A partir da década de 50-60 do Século XX, as novas práticas agrícolas e a extensa utilização de aramado na delimitação das propriedades ditaram o declínio dos efectivos da raça. A sua função já não era tão necessária. Mas foi nesta altura, que um aturado trabalho de prospecção permitiu identificar os animais que serviram de referência à elaboração do primeiro estalão da raça, publicado em 1954. Datam, também, destes anos iniciais, o registo dos primeiros animais inscritos no Livro de Origens Português: Montemor (5.947), Arrábida (5.994), Massanica (5.999) e Pulgão (6.000).

O estalão de 1954 definia para os machos uma altura ao garrote de 42 a 48 cm, e para as fêmeas de 40 a 46 cm. A última revisão do estalão, bem detalhada e pormenorizada, publicada em 2008, define alturas de 45 a 55 cm e de 42 a 52 cm, respectivamente para machos e fêmeas. Não será alheio a este crescimento dos cães, a alteração da sua função primordial de cão de condução e de protecção e guarda de rebanhos para animal de companhia, ao qual estará associado a introdução na alimentação de rações que apregoam conterem os ingredientes necessários a uma alimentação completa que promove a saúde e o bem-estar animal.

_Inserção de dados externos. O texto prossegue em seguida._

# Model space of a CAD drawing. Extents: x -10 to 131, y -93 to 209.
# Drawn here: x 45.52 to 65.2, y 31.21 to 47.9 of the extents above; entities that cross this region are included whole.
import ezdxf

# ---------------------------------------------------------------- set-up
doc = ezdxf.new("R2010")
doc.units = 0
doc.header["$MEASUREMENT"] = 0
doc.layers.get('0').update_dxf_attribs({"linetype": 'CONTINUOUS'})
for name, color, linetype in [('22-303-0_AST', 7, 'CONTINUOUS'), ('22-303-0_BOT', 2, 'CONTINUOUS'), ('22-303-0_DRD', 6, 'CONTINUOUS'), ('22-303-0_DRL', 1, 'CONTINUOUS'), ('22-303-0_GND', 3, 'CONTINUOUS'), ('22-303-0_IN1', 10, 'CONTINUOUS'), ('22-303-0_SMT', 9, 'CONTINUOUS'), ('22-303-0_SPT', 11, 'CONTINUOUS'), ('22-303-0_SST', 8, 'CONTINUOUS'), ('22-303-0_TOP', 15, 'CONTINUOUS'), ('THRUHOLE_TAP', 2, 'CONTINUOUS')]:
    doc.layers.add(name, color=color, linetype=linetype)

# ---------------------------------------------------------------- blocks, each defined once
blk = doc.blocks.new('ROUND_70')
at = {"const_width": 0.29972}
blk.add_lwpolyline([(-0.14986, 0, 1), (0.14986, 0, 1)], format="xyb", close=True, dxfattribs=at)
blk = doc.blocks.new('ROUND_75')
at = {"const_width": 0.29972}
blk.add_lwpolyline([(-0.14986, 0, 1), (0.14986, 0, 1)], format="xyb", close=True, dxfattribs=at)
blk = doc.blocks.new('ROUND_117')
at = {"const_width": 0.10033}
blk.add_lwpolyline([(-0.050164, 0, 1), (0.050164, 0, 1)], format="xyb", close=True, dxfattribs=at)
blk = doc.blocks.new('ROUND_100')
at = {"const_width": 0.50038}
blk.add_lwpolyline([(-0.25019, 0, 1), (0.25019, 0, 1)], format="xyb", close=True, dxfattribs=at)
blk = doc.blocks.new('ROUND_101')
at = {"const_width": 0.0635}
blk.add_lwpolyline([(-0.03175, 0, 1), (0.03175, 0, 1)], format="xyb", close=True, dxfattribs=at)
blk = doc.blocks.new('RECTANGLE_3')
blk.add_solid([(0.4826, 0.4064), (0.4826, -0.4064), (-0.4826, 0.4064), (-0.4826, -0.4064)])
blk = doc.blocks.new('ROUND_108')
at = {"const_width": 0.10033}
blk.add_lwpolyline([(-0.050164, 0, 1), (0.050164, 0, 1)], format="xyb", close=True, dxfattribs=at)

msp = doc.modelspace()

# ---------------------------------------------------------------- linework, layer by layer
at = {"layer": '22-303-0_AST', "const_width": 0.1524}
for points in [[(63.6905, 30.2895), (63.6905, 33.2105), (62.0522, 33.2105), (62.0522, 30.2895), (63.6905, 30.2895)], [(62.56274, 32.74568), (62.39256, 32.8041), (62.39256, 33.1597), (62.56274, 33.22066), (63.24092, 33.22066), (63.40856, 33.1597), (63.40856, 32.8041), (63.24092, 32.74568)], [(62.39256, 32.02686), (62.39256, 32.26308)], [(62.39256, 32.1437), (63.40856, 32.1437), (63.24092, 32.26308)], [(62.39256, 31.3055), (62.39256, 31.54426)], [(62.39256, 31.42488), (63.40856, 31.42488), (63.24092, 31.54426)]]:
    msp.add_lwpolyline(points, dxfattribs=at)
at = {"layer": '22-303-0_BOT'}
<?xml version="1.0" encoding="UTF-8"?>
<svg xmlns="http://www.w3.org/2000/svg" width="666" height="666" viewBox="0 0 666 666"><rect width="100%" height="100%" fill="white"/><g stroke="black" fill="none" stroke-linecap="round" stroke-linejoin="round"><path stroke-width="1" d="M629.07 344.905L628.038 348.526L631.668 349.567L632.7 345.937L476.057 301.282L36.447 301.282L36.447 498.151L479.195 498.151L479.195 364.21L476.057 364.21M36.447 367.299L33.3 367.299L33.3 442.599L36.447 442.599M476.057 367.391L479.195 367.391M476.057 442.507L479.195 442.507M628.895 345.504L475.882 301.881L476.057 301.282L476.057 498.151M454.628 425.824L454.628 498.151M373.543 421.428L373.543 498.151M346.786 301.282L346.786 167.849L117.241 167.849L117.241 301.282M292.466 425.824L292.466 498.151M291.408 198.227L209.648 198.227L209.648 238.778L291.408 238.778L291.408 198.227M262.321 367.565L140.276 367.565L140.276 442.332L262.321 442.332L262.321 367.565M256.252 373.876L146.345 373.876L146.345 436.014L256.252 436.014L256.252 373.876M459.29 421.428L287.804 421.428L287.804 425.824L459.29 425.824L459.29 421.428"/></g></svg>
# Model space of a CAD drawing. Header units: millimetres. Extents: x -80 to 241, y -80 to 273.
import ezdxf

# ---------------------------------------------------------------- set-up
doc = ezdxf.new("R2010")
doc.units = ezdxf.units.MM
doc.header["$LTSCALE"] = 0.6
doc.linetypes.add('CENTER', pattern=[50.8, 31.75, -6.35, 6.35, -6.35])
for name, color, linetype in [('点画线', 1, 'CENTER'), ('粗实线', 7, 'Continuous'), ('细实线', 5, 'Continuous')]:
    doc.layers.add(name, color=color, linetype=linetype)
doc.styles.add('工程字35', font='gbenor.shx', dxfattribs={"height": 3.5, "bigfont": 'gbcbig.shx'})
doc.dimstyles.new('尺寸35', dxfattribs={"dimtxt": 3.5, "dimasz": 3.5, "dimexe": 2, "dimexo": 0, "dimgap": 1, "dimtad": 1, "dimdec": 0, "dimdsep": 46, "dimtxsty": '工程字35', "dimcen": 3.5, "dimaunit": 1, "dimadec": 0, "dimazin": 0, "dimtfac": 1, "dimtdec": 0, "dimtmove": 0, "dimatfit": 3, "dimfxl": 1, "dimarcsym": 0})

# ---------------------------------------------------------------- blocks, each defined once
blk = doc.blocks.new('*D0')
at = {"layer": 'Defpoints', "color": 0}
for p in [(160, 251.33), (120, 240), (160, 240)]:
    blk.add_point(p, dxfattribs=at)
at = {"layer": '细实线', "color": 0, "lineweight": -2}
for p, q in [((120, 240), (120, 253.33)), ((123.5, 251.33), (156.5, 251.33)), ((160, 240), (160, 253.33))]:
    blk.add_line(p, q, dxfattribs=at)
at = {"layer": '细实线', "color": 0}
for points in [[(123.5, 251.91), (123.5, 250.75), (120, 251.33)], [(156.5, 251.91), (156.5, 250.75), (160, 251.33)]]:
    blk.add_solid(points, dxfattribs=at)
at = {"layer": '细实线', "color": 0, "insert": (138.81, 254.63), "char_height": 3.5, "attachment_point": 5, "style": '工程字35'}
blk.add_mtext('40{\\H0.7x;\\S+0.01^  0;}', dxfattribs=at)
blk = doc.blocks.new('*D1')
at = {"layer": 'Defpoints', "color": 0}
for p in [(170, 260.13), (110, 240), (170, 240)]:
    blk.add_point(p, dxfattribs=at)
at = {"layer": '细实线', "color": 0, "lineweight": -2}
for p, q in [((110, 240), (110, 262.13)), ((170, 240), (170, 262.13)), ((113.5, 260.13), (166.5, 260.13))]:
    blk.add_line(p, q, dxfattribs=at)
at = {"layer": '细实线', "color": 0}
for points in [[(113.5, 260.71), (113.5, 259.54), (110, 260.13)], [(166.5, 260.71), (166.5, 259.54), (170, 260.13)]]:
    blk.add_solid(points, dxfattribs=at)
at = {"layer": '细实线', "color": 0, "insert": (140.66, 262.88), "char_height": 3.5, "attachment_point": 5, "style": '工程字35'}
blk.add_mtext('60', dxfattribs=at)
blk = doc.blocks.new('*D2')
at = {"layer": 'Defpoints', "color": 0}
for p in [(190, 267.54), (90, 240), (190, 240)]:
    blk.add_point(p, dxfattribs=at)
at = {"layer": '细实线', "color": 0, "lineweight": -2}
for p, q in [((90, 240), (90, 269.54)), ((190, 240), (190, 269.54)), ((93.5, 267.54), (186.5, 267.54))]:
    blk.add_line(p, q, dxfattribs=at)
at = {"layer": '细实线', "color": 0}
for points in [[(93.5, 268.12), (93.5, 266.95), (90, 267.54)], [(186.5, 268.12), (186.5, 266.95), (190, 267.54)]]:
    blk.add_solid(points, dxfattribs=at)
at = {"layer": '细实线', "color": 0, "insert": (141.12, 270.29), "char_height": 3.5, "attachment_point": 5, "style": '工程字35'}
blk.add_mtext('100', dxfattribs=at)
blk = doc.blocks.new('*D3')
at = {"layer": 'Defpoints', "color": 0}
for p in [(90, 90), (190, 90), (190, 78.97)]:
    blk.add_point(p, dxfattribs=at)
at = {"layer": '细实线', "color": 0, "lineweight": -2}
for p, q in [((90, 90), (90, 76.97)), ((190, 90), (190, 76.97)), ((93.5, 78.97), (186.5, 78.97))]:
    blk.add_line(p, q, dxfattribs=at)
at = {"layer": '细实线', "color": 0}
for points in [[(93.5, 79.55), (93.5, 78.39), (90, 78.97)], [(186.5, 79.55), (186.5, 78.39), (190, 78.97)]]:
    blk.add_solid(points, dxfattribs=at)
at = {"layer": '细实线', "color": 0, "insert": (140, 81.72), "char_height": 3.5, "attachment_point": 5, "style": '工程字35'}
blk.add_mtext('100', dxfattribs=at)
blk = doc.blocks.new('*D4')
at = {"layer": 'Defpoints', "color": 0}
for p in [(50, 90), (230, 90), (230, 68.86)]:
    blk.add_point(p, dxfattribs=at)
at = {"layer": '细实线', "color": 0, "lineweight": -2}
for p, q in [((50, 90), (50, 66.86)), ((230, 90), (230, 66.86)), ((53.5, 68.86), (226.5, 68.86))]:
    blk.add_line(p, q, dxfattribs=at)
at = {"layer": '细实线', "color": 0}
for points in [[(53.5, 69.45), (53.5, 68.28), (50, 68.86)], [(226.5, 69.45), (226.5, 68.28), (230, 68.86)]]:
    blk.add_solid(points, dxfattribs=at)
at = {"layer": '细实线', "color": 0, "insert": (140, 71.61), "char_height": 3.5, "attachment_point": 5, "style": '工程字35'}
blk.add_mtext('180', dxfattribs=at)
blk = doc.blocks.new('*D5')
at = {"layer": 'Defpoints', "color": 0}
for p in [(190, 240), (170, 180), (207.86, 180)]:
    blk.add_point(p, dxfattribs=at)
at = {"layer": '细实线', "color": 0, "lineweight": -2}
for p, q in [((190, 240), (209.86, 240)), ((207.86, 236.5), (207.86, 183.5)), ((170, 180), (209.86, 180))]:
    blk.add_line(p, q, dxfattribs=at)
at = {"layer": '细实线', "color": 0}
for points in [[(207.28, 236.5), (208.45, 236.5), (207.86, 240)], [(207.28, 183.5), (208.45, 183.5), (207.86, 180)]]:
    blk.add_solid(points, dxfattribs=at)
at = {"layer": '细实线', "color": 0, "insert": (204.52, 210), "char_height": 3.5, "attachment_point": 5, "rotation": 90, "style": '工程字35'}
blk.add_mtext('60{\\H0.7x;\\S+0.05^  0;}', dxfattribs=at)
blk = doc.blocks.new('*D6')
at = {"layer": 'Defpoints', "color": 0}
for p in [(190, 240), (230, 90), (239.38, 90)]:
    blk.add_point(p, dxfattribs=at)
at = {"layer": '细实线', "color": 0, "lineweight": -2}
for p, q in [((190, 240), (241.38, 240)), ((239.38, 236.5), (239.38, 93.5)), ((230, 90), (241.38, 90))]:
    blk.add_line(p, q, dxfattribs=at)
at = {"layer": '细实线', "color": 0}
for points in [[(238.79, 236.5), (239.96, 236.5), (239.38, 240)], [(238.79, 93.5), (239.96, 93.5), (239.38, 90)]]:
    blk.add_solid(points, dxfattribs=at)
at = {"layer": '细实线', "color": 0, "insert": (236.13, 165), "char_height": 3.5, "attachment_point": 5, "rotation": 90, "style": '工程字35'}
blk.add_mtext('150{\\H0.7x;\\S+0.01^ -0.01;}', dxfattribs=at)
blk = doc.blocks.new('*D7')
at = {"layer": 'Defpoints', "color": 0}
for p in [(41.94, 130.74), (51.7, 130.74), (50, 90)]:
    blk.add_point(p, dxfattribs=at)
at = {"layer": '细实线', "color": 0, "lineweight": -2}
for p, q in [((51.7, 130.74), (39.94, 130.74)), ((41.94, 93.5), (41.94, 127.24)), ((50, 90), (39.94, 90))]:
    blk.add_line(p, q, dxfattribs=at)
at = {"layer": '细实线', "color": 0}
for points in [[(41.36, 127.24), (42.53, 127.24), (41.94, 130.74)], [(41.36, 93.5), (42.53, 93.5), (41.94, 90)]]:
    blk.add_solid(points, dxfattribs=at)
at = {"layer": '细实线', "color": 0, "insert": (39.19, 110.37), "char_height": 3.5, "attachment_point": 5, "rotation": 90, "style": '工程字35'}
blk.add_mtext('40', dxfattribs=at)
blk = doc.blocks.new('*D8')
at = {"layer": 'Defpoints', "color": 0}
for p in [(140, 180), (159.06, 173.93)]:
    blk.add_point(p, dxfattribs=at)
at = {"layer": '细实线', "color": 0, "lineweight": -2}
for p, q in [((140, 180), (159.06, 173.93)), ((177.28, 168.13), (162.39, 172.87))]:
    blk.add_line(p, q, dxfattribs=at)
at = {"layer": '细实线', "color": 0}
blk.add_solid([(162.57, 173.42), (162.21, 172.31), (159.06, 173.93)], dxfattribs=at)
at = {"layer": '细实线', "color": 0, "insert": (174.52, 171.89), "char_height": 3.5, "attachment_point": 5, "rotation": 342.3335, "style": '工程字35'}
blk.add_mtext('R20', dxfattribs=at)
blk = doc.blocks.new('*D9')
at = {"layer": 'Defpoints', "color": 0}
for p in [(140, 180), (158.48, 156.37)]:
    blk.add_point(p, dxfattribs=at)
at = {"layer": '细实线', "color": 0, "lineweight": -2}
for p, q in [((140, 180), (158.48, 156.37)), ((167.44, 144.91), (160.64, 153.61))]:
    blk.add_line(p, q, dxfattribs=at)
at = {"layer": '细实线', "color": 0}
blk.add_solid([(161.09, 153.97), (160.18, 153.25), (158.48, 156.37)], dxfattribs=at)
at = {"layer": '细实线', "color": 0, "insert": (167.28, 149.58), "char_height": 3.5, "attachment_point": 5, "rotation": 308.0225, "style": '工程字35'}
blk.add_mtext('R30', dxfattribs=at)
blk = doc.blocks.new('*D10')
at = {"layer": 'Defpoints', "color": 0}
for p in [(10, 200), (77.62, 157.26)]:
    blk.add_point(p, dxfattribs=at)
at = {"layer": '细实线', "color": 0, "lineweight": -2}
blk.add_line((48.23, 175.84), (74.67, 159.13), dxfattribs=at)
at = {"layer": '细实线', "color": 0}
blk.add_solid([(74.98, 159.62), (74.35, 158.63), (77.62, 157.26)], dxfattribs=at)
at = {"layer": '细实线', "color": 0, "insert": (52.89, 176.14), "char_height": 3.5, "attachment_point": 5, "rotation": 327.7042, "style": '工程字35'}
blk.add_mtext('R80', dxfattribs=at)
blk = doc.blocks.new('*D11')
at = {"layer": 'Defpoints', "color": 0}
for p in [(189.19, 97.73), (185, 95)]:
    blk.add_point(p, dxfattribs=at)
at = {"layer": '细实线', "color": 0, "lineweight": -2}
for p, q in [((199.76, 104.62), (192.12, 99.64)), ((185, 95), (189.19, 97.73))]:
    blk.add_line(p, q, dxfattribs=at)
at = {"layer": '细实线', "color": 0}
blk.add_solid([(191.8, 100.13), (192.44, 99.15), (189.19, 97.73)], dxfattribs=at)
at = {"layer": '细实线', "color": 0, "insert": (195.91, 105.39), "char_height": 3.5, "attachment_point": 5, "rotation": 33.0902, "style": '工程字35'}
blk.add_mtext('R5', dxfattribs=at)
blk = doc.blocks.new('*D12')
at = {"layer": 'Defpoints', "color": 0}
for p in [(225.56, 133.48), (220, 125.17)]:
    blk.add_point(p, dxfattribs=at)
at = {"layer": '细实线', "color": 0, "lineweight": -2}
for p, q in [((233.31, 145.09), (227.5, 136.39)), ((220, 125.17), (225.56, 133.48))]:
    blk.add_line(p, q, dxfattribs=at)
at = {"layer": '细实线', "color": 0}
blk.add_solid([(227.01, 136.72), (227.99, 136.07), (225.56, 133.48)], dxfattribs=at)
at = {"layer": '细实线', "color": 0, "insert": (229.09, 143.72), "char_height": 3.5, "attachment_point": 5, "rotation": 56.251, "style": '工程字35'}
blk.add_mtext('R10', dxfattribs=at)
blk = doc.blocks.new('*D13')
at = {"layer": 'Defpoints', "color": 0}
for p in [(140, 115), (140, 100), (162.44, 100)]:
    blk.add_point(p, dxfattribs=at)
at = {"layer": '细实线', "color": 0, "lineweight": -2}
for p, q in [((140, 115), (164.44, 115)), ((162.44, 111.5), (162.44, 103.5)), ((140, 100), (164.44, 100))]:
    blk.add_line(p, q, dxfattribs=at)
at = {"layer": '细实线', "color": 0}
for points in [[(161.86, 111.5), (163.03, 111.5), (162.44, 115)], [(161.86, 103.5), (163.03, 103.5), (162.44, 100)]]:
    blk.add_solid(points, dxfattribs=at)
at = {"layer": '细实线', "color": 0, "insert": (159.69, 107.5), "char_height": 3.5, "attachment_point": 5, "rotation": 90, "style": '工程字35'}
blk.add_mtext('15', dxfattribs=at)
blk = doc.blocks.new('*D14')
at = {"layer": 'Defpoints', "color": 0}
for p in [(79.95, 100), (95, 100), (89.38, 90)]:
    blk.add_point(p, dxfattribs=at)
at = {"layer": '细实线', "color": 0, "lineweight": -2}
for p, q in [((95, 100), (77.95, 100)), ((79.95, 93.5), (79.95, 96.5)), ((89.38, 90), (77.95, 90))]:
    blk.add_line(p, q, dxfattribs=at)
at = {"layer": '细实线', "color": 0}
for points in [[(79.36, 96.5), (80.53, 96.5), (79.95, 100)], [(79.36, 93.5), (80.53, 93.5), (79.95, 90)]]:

As exposições e os concursos de morfologia podem, também eles, estar a promover a alteração das características morfológicas típicas. Nem sempre orientadas por citérios relacionados com a função, essas alterações podem fazer emergir uma divergência morfológica entre os cães de trabalho e os cães de exposição. É importante para o futuro da raça que se mantenha uma permanente supervisão do tipo morfológico e que se promova o cruzamento controlado entre animais de exposição e de trabalho, para assim se evitarem divergências indesejáveis da sua morfologia típica. Por indissociável, impõe-se igualmente preservar o temperamento de trabalho do Cão da Serra de Aires, garante do seu carácter e habilidade natural. A morfologia e o temperamento são pilares estruturais da função. O Cão da Serra de Aires é, inquestionavelmente, um relevante componente do património genético português. A sua tipicidade e unicidade conferem-lhe atributos exclusivos que importa defender e preservar. A sua história é uma história de sobrevivência. Uma sobrevivência amoldada por uma rusticidade construída nas agruras da adversidade, que um temperamento convicto e uma inteligência excepcional guindou para um lugar cimeiro e referencial das raças portuguesas.